Copy word for word each line from the one that has "#250=SHAPE_DEFINITION_REPRESENTATION(#9,#249);" to the last line of the records, with no other lines.

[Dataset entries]
╭──
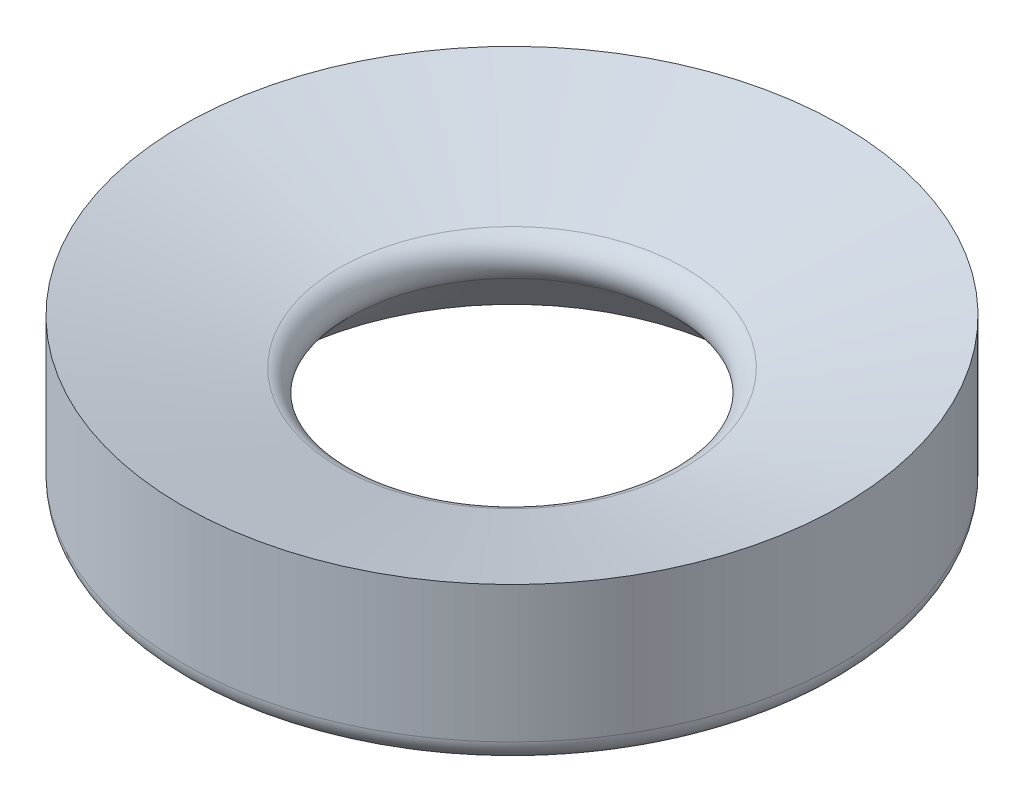
ISO-10303-21;
HEADER;
FILE_DESCRIPTION(('STEP AP214'),'2;1');
FILE_NAME('part.step','',(''),(''),'','','');
FILE_SCHEMA(('AUTOMOTIVE_DESIGN { 1 0 10303 214 1 1 1 1 }'));
ENDSEC;
DATA;
#1=APPLICATION_CONTEXT('core data for automotive mechanical design processes');
#2=APPLICATION_PROTOCOL_DEFINITION('international standard','automotive_design',2000,#1);
#3=PRODUCT_CONTEXT('',#1,'mechanical');
#4=PRODUCT('Part','Part','',(#3));
#5=PRODUCT_RELATED_PRODUCT_CATEGORY('part','',(#4));
#6=PRODUCT_DEFINITION_FORMATION('','',#4);
#7=PRODUCT_DEFINITION_CONTEXT('part definition',#1,'design');
#8=PRODUCT_DEFINITION('design','',#6,#7);
#9=PRODUCT_DEFINITION_SHAPE('','',#8);
#10=(LENGTH_UNIT() NAMED_UNIT(*) SI_UNIT(.MILLI.,.METRE.));
#11=(NAMED_UNIT(*) PLANE_ANGLE_UNIT() SI_UNIT($,.RADIAN.));
#12=(NAMED_UNIT(*) SI_UNIT($,.STERADIAN.) SOLID_ANGLE_UNIT());
#13=UNCERTAINTY_MEASURE_WITH_UNIT(LENGTH_MEASURE(1.E-05),#10,'distance_accuracy_value','');
#14=(GEOMETRIC_REPRESENTATION_CONTEXT(3) GLOBAL_UNCERTAINTY_ASSIGNED_CONTEXT((#13)) GLOBAL_UNIT_ASSIGNED_CONTEXT((#10,
#11,#12)) REPRESENTATION_CONTEXT('',''));
#15=CARTESIAN_POINT('',(0.,0.,0.));
#16=DIRECTION('',(0.,0.,1.));
#17=DIRECTION('',(1.,0.,0.));
#18=AXIS2_PLACEMENT_3D('',#15,#16,#17);
#19=CARTESIAN_POINT('',(0.,17.78,0.));
#20=DIRECTION('',(0.,-1.,0.));
#21=DIRECTION('',(0.,0.,-1.));
#22=AXIS2_PLACEMENT_3D('',#19,#20,#21);
#23=CYLINDRICAL_SURFACE('',#22,36.83);
#24=CARTESIAN_POINT('',(0.,2.54,0.));
#25=DIRECTION('',(0.,1.,0.));
#26=DIRECTION('',(0.,0.,1.));
#27=AXIS2_PLACEMENT_3D('',#24,#25,#26);
#28=CIRCLE('',#27,36.83);
#29=CARTESIAN_POINT('',(0.,2.54,-36.83));
#30=VERTEX_POINT('',#29);
#31=EDGE_CURVE('E50',#30,#30,#28,.T.);
#32=CARTESIAN_POINT('',(0.,17.78,0.));
#33=DIRECTION('',(0.,1.,0.));
#34=DIRECTION('',(0.,0.,1.));
#35=AXIS2_PLACEMENT_3D('',#32,#33,#34);
#36=CIRCLE('',#35,36.83);
#37=CARTESIAN_POINT('',(0.,17.78,-36.83));
#38=VERTEX_POINT('',#37);
#39=EDGE_CURVE('E57',#38,#38,#36,.T.);
#40=CARTESIAN_POINT('',(0.,2.54,-36.83));
#41=CARTESIAN_POINT('',(0.,2.69875,-36.83));
#42=CARTESIAN_POINT('',(0.,2.8575,-36.83));
#43=CARTESIAN_POINT('',(0.,3.175,-36.83));
#44=CARTESIAN_POINT('',(0.,3.33375,-36.83));
#45=CARTESIAN_POINT('',(0.,3.65125,-36.83));
#46=CARTESIAN_POINT('',(0.,3.81,-36.83));
#47=CARTESIAN_POINT('',(0.,4.1275,-36.83));
#48=CARTESIAN_POINT('',(0.,4.28625,-36.83));
#49=CARTESIAN_POINT('',(0.,4.60375,-36.83));
#50=CARTESIAN_POINT('',(0.,4.7625,-36.83));
#51=CARTESIAN_POINT('',(0.,5.08,-36.83));
#52=CARTESIAN_POINT('',(0.,5.23875,-36.83));
#53=CARTESIAN_POINT('',(0.,5.55625,-36.83));
#54=CARTESIAN_POINT('',(0.,5.715,-36.83));
#55=CARTESIAN_POINT('',(0.,6.0325,-36.83));
#56=CARTESIAN_POINT('',(0.,6.19125,-36.83));
#57=CARTESIAN_POINT('',(0.,6.50875,-36.83));
#58=CARTESIAN_POINT('',(0.,6.6675,-36.83));
#59=CARTESIAN_POINT('',(0.,6.985,-36.83));
#60=CARTESIAN_POINT('',(0.,7.14375,-36.83));
#61=CARTESIAN_POINT('',(0.,7.46125,-36.83));
#62=CARTESIAN_POINT('',(0.,7.62,-36.83));
#63=CARTESIAN_POINT('',(0.,7.9375,-36.83));
#64=CARTESIAN_POINT('',(0.,8.09625,-36.83));
#65=CARTESIAN_POINT('',(0.,8.41375,-36.83));
#66=CARTESIAN_POINT('',(0.,8.5725,-36.83));
#67=CARTESIAN_POINT('',(0.,8.89,-36.83));
#68=CARTESIAN_POINT('',(0.,9.04875,-36.83));
#69=CARTESIAN_POINT('',(0.,9.36625,-36.83));
#70=CARTESIAN_POINT('',(0.,9.525,-36.83));
#71=CARTESIAN_POINT('',(0.,9.8425,-36.83));
#72=CARTESIAN_POINT('',(0.,10.00125,-36.83));
#73=CARTESIAN_POINT('',(0.,10.31875,-36.83));
#74=CARTESIAN_POINT('',(0.,10.4775,-36.83));
#75=CARTESIAN_POINT('',(0.,10.795,-36.83));
#76=CARTESIAN_POINT('',(0.,10.95375,-36.83));
#77=CARTESIAN_POINT('',(0.,11.27125,-36.83));
#78=CARTESIAN_POINT('',(0.,11.43,-36.83));
#79=CARTESIAN_POINT('',(0.,11.7475,-36.83));
#80=CARTESIAN_POINT('',(0.,11.90625,-36.83));
#81=CARTESIAN_POINT('',(0.,12.22375,-36.83));
#82=CARTESIAN_POINT('',(0.,12.3825,-36.83));
#83=CARTESIAN_POINT('',(0.,12.7,-36.83));
#84=CARTESIAN_POINT('',(0.,12.85875,-36.83));
#85=CARTESIAN_POINT('',(0.,13.17625,-36.83));
#86=CARTESIAN_POINT('',(0.,13.335,-36.83));
#87=CARTESIAN_POINT('',(0.,13.6525,-36.83));
#88=CARTESIAN_POINT('',(0.,13.81125,-36.83));
#89=CARTESIAN_POINT('',(0.,14.12875,-36.83));
#90=CARTESIAN_POINT('',(0.,14.2875,-36.83));
#91=CARTESIAN_POINT('',(0.,14.605,-36.83));
#92=CARTESIAN_POINT('',(0.,14.76375,-36.83));
#93=CARTESIAN_POINT('',(0.,15.08125,-36.83));
#94=CARTESIAN_POINT('',(0.,15.24,-36.83));
#95=CARTESIAN_POINT('',(0.,15.5575,-36.83));
#96=CARTESIAN_POINT('',(0.,15.71625,-36.83));
#97=CARTESIAN_POINT('',(0.,16.03375,-36.83));
#98=CARTESIAN_POINT('',(0.,16.1925,-36.83));
#99=CARTESIAN_POINT('',(0.,16.51,-36.83));
#100=CARTESIAN_POINT('',(0.,16.66875,-36.83));
#101=CARTESIAN_POINT('',(0.,16.98625,-36.83));
#102=CARTESIAN_POINT('',(0.,17.145,-36.83));
#103=CARTESIAN_POINT('',(0.,17.4625,-36.83));
#104=CARTESIAN_POINT('',(0.,17.62125,-36.83));
#105=CARTESIAN_POINT('',(0.,17.78,-36.83));
#106=B_SPLINE_CURVE_WITH_KNOTS('',3,(#40,#41,#42,#43,#44,#45,#46,#47,#48,#49,#50,#51,#52,#53,
#54,#55,#56,#57,#58,#59,#60,#61,#62,#63,#64,#65,#66,#67,#68,#69,#70,#71,#72,#73,#74,#75,#76,#77,
#78,#79,#80,#81,#82,#83,#84,#85,#86,#87,#88,#89,#90,#91,#92,#93,#94,#95,#96,#97,#98,#99,#100,
#101,#102,#103,#104,#105),.UNSPECIFIED.,.F.,.F.,(4,2,2,2,2,2,2,2,2,2,2,2,2,2,2,2,2,2,2,2,2,2,2,
2,2,2,2,2,2,2,2,2,4),(0.,0.476249999999999,0.9525,1.42875,1.905,2.38125,2.8575,3.33375,3.81,
4.28625,4.7625,5.23875,5.715,6.19125,6.6675,7.14375,7.62,8.09625,8.5725,9.04875,9.525,10.00125,
10.4775,10.95375,11.43,11.90625,12.3825,12.85875,13.335,13.81125,14.2875,14.76375,15.24),.UNSPECIFIED.);
#107=EDGE_CURVE('BSEAM35',#30,#38,#106,.T.);
#108=ORIENTED_EDGE('',*,*,#31,.T.);
#109=ORIENTED_EDGE('',*,*,#39,.F.);
#110=ORIENTED_EDGE('',*,*,#107,.T.);
#111=ORIENTED_EDGE('',*,*,#107,.F.);
#112=EDGE_LOOP('',(#108,#110,#109,#111));
#113=FACE_BOUND('',#112,.T.);
#114=ADVANCED_FACE('F35',(#113),#23,.T.);
#115=CARTESIAN_POINT('',(0.,2.54,0.));
#116=DIRECTION('',(0.,1.,0.));
#117=DIRECTION('',(0.,0.,1.));
#118=AXIS2_PLACEMENT_3D('',#115,#116,#117);
#119=TOROIDAL_SURFACE('',#118,34.29,2.54);
#120=CARTESIAN_POINT('',(0.,0.,0.));
#121=DIRECTION('',(0.,1.,0.));
#122=DIRECTION('',(0.,0.,1.));
#123=AXIS2_PLACEMENT_3D('',#120,#121,#122);
#124=CIRCLE('',#123,34.29);
#125=CARTESIAN_POINT('',(0.,0.,34.29));
#126=VERTEX_POINT('',#125);
#127=EDGE_CURVE('E46',#126,#126,#124,.F.);
#128=ORIENTED_EDGE('',*,*,#127,.F.);
#129=EDGE_LOOP('',(#128));
#130=FACE_BOUND('',#129,.T.);
#131=ORIENTED_EDGE('',*,*,#31,.F.);
#132=EDGE_LOOP('',(#131));
#133=FACE_BOUND('',#132,.T.);
#134=ADVANCED_FACE('F101',(#130,#133),#119,.T.);
#135=CARTESIAN_POINT('',(0.,11.938,0.));
#136=DIRECTION('',(0.,-1.,0.));
#137=DIRECTION('',(0.,0.,-1.));
#138=AXIS2_PLACEMENT_3D('',#135,#136,#137);
#139=CONICAL_SURFACE('',#138,14.7955,0.782731503051742);
#140=CARTESIAN_POINT('',(0.,8.49988701262458,0.));
#141=DIRECTION('',(0.,1.,0.));
#142=DIRECTION('',(0.,0.,1.));
#143=AXIS2_PLACEMENT_3D('',#140,#141,#142);
#144=CIRCLE('',#143,18.2153251523362);
#145=CARTESIAN_POINT('',(0.,8.49988701262458,18.2153251523362));
#146=VERTEX_POINT('',#145);
#147=EDGE_CURVE('E42',#146,#146,#144,.T.);
#148=ORIENTED_EDGE('',*,*,#147,.T.);
#149=EDGE_LOOP('',(#148));
#150=FACE_BOUND('',#149,.T.);
#151=CARTESIAN_POINT('',(0.,0.,0.));
#152=DIRECTION('',(0.,1.,0.));
#153=DIRECTION('',(0.,0.,1.));
#154=AXIS2_PLACEMENT_3D('',#151,#152,#153);
#155=CIRCLE('',#154,26.67);
#156=CARTESIAN_POINT('',(0.,0.,26.67));
#157=VERTEX_POINT('',#156);
#158=EDGE_CURVE('E53',#157,#157,#155,.T.);
#159=ORIENTED_EDGE('',*,*,#158,.F.);
#160=EDGE_LOOP('',(#159));
#161=FACE_BOUND('',#160,.T.);
#162=ADVANCED_FACE('F73',(#150,#161),#139,.F.);
#163=CARTESIAN_POINT('',(0.,11.43,0.));
#164=DIRECTION('',(0.,1.,0.));
#165=DIRECTION('',(0.,0.,1.));
#166=AXIS2_PLACEMENT_3D('',#163,#164,#165);
#167=CONICAL_SURFACE('',#166,14.7955,1.29021443516034);
#168=CARTESIAN_POINT('',(0.,12.7318143431087,0.));
#169=DIRECTION('',(0.,-1.,0.));
#170=DIRECTION('',(0.,0.,-1.));
#171=AXIS2_PLACEMENT_3D('',#168,#169,#170);
#172=CIRCLE('',#171,19.3127957705873);
#173=CARTESIAN_POINT('',(0.,12.7318143431087,-19.3127957705873));
#174=VERTEX_POINT('',#173);
#175=EDGE_CURVE('E11',#174,#174,#172,.T.);
#176=ORIENTED_EDGE('',*,*,#175,.T.);
#177=EDGE_LOOP('',(#176));
#178=FACE_BOUND('',#177,.T.);
#179=ORIENTED_EDGE('',*,*,#39,.T.);
#180=EDGE_LOOP('',(#179));
#181=FACE_BOUND('',#180,.T.);
#182=ADVANCED_FACE('F89',(#178,#181),#167,.F.);
#183=CARTESIAN_POINT('',(0.,2.54,0.));
#184=DIRECTION('',(0.,-1.,0.));
#185=DIRECTION('',(0.,0.,-1.));
#186=AXIS2_PLACEMENT_3D('',#183,#184,#185);
#187=PLANE('',#186);
#188=CARTESIAN_POINT('',(0.,2.54,0.));
#189=DIRECTION('',(0.,-1.,0.));
#190=DIRECTION('',(0.,0.,-1.));
#191=AXIS2_PLACEMENT_3D('',#188,#189,#190);
#192=CIRCLE('',#191,29.21);
#193=CARTESIAN_POINT('',(0.,2.54,-29.21));
#194=VERTEX_POINT('',#193);
#195=EDGE_CURVE('E80',#194,#194,#192,.T.);
#196=ORIENTED_EDGE('',*,*,#195,.F.);
#197=EDGE_LOOP('',(#196));
#198=FACE_BOUND('',#197,.T.);
#199=CARTESIAN_POINT('',(0.,2.54,0.));
#200=DIRECTION('',(0.,-1.,0.));
#201=DIRECTION('',(0.,0.,-1.));
#202=AXIS2_PLACEMENT_3D('',#199,#200,#201);
#203=CIRCLE('',#202,31.75);
#204=CARTESIAN_POINT('',(0.,2.54,-31.75));
#205=VERTEX_POINT('',#204);
#206=EDGE_CURVE('E77',#205,#205,#203,.T.);
#207=ORIENTED_EDGE('',*,*,#206,.T.);
#208=EDGE_LOOP('',(#207));
#209=FACE_BOUND('',#208,.T.);
#210=ADVANCED_FACE('F85',(#198,#209),#187,.T.);
#211=CARTESIAN_POINT('',(0.,2.54,0.));
#212=DIRECTION('',(0.,1.,0.));
#213=DIRECTION('',(0.,0.,1.));
#214=AXIS2_PLACEMENT_3D('',#211,#212,#213);
#215=TOROIDAL_SURFACE('',#214,34.29,2.54);
#216=ORIENTED_EDGE('',*,*,#127,.T.);
#217=EDGE_LOOP('',(#216));
#218=FACE_BOUND('',#217,.T.);
#219=ORIENTED_EDGE('',*,*,#206,.F.);
#220=EDGE_LOOP('',(#219));
#221=FACE_BOUND('',#220,.T.);
#222=ADVANCED_FACE('F88',(#218,#221),#215,.T.);
#223=CARTESIAN_POINT('',(0.,2.54,0.));
#224=DIRECTION('',(0.,1.,0.));
#225=DIRECTION('',(0.,0.,1.));
#226=AXIS2_PLACEMENT_3D('',#223,#224,#225);
#227=TOROIDAL_SURFACE('',#226,26.67,2.54);
#228=ORIENTED_EDGE('',*,*,#195,.T.);
#229=EDGE_LOOP('',(#228));
#230=FACE_BOUND('',#229,.T.);
#231=ORIENTED_EDGE('',*,*,#158,.T.);
#232=EDGE_LOOP('',(#231));
#233=FACE_BOUND('',#232,.T.);
#234=ADVANCED_FACE('F71',(#230,#233),#227,.T.);
#235=CARTESIAN_POINT('',(0.,10.2911423980105,0.));
#236=DIRECTION('',(0.,-1.,0.));
#237=DIRECTION('',(0.,0.,-1.));
#238=AXIS2_PLACEMENT_3D('',#235,#236,#237);
#239=TOROIDAL_SURFACE('',#238,20.0161594435263,2.54);
#240=ORIENTED_EDGE('',*,*,#175,.F.);
#241=EDGE_LOOP('',(#240));
#242=FACE_BOUND('',#241,.T.);
#243=ORIENTED_EDGE('',*,*,#147,.F.);
#244=EDGE_LOOP('',(#243));
#245=FACE_BOUND('',#244,.T.);
#246=ADVANCED_FACE('F37',(#242,#245),#239,.T.);
#247=CLOSED_SHELL('',(#114,#134,#162,#182,#210,#222,#234,#246));
#248=MANIFOLD_SOLID_BREP('B2',#247);
#249=ADVANCED_BREP_SHAPE_REPRESENTATION('',(#18,#248),#14);
#250=SHAPE_DEFINITION_REPRESENTATION(#9,#249);
ENDSEC;
END-ISO-10303-21;
╰──
(Solution for this task)
#250=SHAPE_DEFINITION_REPRESENTATION(#9,#249);
ENDSEC;
END-ISO-10303-21;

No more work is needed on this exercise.